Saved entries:
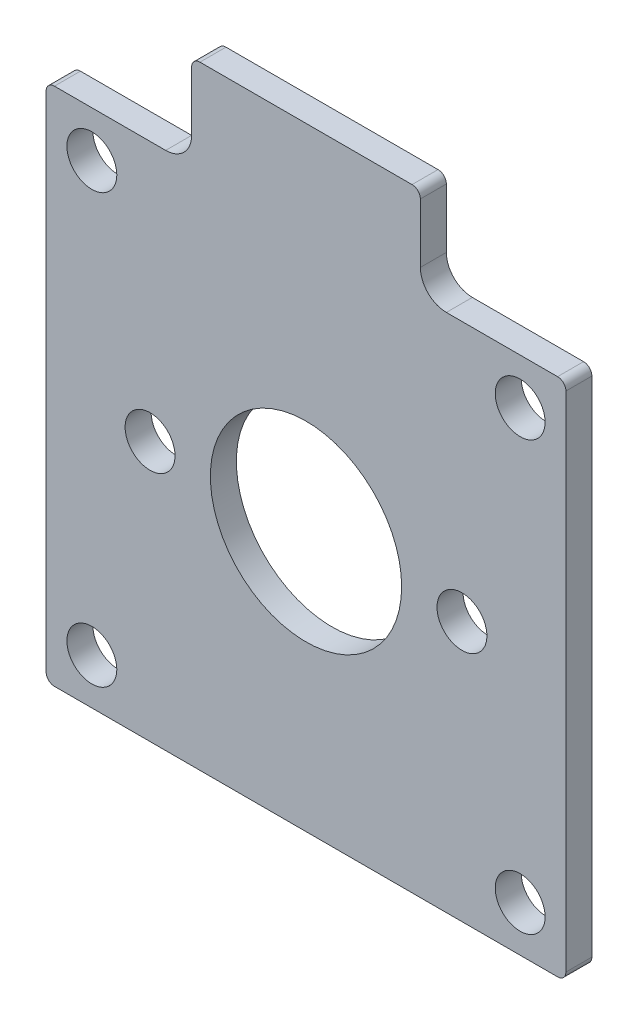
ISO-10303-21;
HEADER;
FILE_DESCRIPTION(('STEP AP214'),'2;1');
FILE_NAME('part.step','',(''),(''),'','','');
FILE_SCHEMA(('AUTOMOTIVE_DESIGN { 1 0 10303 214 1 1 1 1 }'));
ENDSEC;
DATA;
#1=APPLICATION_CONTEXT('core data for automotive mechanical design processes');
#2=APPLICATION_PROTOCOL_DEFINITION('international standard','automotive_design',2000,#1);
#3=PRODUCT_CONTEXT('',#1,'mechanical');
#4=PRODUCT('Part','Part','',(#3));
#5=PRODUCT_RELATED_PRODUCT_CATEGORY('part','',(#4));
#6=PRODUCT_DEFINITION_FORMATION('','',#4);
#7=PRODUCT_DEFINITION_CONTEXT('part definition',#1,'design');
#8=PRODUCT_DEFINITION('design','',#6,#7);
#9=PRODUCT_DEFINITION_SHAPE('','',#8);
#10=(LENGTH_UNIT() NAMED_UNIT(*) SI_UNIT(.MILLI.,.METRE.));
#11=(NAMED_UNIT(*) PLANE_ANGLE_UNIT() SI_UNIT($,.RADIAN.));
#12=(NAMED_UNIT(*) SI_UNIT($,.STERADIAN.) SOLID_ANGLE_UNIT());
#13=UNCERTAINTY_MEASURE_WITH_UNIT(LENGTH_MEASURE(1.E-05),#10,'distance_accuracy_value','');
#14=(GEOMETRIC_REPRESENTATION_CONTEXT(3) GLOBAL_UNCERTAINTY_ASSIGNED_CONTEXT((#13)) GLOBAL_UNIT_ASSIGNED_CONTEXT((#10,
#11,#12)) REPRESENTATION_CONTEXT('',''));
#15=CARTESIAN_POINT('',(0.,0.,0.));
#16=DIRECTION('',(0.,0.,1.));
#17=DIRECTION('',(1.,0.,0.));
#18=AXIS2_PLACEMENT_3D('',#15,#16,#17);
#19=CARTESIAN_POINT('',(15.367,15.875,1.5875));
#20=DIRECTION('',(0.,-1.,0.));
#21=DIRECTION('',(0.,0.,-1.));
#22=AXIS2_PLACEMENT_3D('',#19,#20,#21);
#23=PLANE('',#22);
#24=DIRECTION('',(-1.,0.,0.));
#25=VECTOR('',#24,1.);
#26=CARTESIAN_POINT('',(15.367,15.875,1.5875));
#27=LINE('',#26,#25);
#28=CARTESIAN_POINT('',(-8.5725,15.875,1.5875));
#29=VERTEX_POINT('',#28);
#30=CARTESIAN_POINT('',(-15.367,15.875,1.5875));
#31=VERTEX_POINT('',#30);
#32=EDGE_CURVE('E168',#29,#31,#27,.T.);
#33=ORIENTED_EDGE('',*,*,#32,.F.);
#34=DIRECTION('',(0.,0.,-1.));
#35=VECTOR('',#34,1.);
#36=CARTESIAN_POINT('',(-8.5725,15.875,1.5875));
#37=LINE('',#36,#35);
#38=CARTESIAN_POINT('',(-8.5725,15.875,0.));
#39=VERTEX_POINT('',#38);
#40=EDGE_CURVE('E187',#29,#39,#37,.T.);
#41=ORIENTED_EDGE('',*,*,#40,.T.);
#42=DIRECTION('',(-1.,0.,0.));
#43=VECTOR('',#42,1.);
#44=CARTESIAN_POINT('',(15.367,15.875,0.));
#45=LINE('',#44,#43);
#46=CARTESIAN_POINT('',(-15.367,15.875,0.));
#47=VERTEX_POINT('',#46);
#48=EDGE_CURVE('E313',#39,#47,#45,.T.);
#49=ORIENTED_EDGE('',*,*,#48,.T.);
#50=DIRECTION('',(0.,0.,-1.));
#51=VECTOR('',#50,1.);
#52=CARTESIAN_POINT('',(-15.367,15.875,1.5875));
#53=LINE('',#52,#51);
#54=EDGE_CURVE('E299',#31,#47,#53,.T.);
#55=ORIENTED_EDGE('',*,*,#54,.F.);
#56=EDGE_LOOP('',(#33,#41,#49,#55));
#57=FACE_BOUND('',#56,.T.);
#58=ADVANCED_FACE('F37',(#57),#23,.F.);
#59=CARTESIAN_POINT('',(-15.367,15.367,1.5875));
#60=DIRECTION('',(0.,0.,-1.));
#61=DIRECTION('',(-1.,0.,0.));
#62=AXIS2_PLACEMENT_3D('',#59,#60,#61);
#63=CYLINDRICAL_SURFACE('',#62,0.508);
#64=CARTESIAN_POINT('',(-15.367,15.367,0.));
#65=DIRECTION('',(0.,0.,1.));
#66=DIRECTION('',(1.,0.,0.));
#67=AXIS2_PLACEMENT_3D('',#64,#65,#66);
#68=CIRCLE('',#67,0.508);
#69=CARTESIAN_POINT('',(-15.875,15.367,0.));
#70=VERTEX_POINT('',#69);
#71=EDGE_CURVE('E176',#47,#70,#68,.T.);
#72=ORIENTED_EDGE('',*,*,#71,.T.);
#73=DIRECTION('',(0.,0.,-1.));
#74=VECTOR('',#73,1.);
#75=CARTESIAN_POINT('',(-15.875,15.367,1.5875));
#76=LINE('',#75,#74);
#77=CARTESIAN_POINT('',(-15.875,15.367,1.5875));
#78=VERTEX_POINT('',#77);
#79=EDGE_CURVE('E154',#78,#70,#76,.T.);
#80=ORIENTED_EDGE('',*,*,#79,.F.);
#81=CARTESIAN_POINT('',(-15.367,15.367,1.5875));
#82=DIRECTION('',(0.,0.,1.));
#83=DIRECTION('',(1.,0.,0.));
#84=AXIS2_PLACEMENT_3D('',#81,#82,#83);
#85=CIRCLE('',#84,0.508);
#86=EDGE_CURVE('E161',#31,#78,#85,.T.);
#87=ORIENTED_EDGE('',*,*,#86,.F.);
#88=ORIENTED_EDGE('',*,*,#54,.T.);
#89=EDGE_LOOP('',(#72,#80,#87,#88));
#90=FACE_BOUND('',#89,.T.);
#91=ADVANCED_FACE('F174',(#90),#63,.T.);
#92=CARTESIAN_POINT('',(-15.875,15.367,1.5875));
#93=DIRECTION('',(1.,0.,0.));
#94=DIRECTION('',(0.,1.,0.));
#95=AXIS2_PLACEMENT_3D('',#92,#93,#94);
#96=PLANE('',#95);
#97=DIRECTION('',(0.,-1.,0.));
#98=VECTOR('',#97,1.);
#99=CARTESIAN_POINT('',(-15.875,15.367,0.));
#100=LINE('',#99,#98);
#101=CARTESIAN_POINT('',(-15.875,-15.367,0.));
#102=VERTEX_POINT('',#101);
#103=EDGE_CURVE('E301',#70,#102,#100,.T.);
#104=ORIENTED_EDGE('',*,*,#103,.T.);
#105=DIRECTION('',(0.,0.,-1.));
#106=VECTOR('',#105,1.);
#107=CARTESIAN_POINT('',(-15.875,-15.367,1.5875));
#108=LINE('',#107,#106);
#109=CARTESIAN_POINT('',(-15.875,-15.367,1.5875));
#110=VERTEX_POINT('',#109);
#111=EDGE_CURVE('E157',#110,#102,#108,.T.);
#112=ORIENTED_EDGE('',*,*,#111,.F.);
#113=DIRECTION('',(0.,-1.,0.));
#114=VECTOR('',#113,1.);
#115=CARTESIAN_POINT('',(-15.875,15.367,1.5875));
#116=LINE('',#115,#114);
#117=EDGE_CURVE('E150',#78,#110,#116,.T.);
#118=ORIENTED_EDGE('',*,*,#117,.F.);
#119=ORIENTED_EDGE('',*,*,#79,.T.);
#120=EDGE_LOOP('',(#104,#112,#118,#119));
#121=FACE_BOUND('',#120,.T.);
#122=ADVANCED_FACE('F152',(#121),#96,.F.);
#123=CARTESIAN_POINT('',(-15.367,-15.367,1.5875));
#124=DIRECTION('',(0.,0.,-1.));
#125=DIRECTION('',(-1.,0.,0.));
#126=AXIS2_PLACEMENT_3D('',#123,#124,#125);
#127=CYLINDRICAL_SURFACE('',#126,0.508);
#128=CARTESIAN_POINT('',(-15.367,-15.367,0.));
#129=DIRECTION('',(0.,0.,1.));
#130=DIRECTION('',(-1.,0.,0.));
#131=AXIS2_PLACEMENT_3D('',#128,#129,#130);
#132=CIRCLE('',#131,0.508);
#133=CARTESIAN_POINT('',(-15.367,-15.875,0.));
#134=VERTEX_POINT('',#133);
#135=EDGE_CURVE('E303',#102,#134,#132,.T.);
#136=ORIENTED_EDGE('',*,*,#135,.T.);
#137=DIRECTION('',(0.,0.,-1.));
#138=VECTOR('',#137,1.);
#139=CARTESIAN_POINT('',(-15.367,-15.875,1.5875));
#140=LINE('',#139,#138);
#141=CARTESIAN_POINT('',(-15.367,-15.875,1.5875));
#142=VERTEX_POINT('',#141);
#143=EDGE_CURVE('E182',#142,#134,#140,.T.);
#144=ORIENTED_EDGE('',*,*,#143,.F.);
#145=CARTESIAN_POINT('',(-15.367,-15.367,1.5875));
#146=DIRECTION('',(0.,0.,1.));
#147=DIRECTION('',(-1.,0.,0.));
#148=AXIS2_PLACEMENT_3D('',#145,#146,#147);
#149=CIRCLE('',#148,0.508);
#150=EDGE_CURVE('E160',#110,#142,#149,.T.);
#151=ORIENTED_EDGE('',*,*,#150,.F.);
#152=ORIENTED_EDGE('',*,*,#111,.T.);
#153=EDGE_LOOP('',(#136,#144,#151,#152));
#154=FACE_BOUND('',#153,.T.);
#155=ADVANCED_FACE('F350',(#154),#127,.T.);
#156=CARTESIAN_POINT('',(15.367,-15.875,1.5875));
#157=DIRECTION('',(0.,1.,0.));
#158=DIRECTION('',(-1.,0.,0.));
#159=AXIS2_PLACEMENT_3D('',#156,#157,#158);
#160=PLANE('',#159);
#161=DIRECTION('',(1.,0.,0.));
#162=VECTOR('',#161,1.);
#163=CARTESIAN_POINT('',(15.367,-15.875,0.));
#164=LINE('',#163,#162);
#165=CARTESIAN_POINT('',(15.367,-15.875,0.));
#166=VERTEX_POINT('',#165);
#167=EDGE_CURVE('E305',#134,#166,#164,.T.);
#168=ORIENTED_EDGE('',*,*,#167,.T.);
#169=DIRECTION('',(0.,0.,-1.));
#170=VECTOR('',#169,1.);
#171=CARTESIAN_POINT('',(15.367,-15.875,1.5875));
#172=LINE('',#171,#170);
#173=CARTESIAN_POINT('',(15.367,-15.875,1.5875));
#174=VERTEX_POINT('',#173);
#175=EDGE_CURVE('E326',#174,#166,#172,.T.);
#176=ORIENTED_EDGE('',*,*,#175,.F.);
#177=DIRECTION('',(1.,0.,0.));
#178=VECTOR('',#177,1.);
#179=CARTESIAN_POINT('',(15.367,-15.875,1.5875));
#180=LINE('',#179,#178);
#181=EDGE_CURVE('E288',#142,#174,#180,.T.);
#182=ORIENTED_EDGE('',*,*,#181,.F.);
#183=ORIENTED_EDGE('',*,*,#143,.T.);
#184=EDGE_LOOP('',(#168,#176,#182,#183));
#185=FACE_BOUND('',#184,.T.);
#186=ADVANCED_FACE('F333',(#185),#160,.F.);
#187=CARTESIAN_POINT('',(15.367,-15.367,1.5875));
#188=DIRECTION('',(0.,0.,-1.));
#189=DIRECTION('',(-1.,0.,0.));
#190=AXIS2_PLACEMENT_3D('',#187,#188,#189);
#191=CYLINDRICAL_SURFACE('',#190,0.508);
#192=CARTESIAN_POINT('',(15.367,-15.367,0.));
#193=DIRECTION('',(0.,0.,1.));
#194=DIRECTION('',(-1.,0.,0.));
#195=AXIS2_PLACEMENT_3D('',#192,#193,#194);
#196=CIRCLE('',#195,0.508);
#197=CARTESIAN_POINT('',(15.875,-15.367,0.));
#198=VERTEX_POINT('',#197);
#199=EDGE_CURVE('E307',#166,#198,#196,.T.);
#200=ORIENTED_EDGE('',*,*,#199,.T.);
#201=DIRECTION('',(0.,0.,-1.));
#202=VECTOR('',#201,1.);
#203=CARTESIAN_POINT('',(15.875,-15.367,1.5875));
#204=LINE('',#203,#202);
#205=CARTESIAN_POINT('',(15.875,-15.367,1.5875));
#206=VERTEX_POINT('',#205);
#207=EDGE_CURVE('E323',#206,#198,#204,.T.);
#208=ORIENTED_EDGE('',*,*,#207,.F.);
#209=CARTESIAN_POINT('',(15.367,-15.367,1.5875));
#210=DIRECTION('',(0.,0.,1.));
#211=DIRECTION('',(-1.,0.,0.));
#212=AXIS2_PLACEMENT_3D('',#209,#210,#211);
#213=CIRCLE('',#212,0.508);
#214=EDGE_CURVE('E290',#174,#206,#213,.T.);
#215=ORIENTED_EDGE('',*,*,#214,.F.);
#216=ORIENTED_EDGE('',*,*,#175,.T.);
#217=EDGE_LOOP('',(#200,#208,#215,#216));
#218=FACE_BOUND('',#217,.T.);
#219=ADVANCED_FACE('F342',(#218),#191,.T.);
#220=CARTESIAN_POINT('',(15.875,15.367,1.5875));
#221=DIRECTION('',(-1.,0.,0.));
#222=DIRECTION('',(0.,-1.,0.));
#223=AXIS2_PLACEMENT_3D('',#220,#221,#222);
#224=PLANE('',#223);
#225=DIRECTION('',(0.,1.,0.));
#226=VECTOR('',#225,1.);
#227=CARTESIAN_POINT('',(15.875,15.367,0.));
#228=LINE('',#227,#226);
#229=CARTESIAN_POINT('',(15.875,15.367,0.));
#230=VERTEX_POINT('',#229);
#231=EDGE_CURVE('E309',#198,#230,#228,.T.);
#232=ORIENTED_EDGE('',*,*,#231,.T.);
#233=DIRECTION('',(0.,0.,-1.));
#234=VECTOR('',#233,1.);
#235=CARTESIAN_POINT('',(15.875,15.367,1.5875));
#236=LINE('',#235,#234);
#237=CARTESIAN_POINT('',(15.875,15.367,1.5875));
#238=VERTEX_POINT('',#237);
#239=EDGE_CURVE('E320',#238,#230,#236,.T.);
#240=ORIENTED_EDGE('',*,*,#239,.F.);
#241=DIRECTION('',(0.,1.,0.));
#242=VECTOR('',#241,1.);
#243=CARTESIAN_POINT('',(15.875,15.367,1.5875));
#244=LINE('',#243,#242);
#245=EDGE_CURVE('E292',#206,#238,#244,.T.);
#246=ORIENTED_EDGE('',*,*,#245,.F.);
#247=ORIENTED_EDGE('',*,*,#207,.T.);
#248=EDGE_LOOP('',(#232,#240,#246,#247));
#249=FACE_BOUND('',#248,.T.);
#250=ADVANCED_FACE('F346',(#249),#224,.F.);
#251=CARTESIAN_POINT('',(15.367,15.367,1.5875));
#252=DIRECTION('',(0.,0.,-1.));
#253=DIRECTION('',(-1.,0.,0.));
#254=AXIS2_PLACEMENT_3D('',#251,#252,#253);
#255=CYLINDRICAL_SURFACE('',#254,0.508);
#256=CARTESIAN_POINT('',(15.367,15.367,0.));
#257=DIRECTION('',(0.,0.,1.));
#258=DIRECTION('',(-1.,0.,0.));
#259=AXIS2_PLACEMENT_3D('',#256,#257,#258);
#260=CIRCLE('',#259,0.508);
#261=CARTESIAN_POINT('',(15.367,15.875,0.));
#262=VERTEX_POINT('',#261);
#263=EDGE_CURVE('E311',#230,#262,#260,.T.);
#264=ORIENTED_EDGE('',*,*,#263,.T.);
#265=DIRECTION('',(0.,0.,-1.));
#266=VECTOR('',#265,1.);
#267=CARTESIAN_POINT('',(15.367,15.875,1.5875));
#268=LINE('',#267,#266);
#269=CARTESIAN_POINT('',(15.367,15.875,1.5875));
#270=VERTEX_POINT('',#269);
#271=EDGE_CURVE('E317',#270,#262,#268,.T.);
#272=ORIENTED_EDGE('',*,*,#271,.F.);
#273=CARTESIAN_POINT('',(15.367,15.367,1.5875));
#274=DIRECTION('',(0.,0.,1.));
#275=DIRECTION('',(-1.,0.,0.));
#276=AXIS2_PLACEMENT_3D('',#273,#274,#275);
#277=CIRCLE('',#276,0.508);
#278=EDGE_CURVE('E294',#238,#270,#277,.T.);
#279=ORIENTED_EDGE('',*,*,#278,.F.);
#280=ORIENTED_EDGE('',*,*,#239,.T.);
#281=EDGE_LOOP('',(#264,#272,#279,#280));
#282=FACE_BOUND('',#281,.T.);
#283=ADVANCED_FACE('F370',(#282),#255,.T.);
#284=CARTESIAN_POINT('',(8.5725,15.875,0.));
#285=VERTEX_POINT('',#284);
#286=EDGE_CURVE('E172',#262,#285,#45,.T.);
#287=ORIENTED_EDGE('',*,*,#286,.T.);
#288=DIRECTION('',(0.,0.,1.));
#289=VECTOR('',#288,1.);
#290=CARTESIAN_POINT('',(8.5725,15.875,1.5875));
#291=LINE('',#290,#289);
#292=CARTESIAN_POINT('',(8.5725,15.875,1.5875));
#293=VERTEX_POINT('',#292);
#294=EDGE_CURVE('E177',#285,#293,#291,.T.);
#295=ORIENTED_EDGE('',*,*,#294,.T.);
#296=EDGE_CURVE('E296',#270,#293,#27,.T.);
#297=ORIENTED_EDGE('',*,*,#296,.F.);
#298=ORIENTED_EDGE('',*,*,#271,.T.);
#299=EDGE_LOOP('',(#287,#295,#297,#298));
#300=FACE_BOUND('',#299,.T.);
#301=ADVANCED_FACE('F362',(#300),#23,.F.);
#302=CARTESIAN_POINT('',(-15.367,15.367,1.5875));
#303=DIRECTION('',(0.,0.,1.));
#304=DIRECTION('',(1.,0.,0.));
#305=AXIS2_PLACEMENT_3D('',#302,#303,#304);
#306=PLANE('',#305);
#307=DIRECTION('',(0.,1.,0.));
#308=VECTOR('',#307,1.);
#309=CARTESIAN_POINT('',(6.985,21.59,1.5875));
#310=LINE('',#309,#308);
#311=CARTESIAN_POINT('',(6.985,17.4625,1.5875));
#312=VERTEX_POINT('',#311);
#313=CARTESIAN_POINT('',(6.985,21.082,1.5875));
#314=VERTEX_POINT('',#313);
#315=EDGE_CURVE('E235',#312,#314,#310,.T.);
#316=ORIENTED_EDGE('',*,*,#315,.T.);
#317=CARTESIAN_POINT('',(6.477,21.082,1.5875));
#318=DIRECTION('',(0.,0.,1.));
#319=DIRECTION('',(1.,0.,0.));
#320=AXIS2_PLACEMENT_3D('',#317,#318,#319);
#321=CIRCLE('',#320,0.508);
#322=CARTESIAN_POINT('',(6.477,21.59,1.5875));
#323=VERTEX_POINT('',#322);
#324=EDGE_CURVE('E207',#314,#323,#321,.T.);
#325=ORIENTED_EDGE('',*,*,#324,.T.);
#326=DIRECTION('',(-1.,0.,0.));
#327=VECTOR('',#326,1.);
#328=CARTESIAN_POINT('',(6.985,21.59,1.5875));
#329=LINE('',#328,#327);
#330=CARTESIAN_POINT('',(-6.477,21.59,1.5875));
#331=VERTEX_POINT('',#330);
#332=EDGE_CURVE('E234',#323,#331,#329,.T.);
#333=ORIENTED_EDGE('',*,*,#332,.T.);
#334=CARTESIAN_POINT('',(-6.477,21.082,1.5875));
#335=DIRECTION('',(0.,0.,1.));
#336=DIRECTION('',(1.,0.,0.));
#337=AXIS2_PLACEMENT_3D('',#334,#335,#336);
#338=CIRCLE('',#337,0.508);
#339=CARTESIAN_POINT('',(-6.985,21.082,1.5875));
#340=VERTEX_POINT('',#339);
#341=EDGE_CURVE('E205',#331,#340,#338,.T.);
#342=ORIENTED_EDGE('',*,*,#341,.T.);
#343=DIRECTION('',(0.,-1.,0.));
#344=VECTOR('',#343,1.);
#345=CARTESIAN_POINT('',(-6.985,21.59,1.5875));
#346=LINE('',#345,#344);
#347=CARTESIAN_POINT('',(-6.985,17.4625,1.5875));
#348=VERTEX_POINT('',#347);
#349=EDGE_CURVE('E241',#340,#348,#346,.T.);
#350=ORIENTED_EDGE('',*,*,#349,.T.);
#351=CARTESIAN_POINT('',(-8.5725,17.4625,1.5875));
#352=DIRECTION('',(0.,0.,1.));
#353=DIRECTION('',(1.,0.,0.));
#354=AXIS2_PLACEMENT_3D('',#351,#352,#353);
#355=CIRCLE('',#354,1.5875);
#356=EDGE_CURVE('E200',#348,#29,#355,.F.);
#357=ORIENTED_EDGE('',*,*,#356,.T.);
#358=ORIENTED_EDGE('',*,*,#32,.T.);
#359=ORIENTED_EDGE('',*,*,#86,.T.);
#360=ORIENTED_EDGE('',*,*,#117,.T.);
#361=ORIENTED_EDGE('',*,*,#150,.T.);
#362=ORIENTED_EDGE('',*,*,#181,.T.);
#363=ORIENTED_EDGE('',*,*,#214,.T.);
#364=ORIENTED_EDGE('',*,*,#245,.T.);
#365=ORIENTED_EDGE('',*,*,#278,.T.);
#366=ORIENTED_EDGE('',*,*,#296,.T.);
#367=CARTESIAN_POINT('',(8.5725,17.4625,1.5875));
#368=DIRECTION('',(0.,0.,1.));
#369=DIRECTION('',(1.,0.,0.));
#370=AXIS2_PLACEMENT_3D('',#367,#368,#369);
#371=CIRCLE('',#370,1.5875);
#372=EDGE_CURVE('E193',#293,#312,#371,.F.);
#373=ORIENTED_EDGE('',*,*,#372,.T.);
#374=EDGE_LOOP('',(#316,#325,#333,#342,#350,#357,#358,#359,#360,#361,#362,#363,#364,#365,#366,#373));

#### WHAT TO DO:
Return, word for word, the lines of the data above from the line with "#355=CIRCLE('',#354,1.5875);" through the line with "#369=DIRECTION('',(1.,0.,0.));", inclusive.

#### SOLUTION TO THIS TASK:
#355=CIRCLE('',#354,1.5875);
#356=EDGE_CURVE('E200',#348,#29,#355,.F.);
#357=ORIENTED_EDGE('',*,*,#356,.T.);
#358=ORIENTED_EDGE('',*,*,#32,.T.);
#359=ORIENTED_EDGE('',*,*,#86,.T.);
#360=ORIENTED_EDGE('',*,*,#117,.T.);
#361=ORIENTED_EDGE('',*,*,#150,.T.);
#362=ORIENTED_EDGE('',*,*,#181,.T.);
#363=ORIENTED_EDGE('',*,*,#214,.T.);
#364=ORIENTED_EDGE('',*,*,#245,.T.);
#365=ORIENTED_EDGE('',*,*,#278,.T.);
#366=ORIENTED_EDGE('',*,*,#296,.T.);
#367=CARTESIAN_POINT('',(8.5725,17.4625,1.5875));
#368=DIRECTION('',(0.,0.,1.));
#369=DIRECTION('',(1.,0.,0.));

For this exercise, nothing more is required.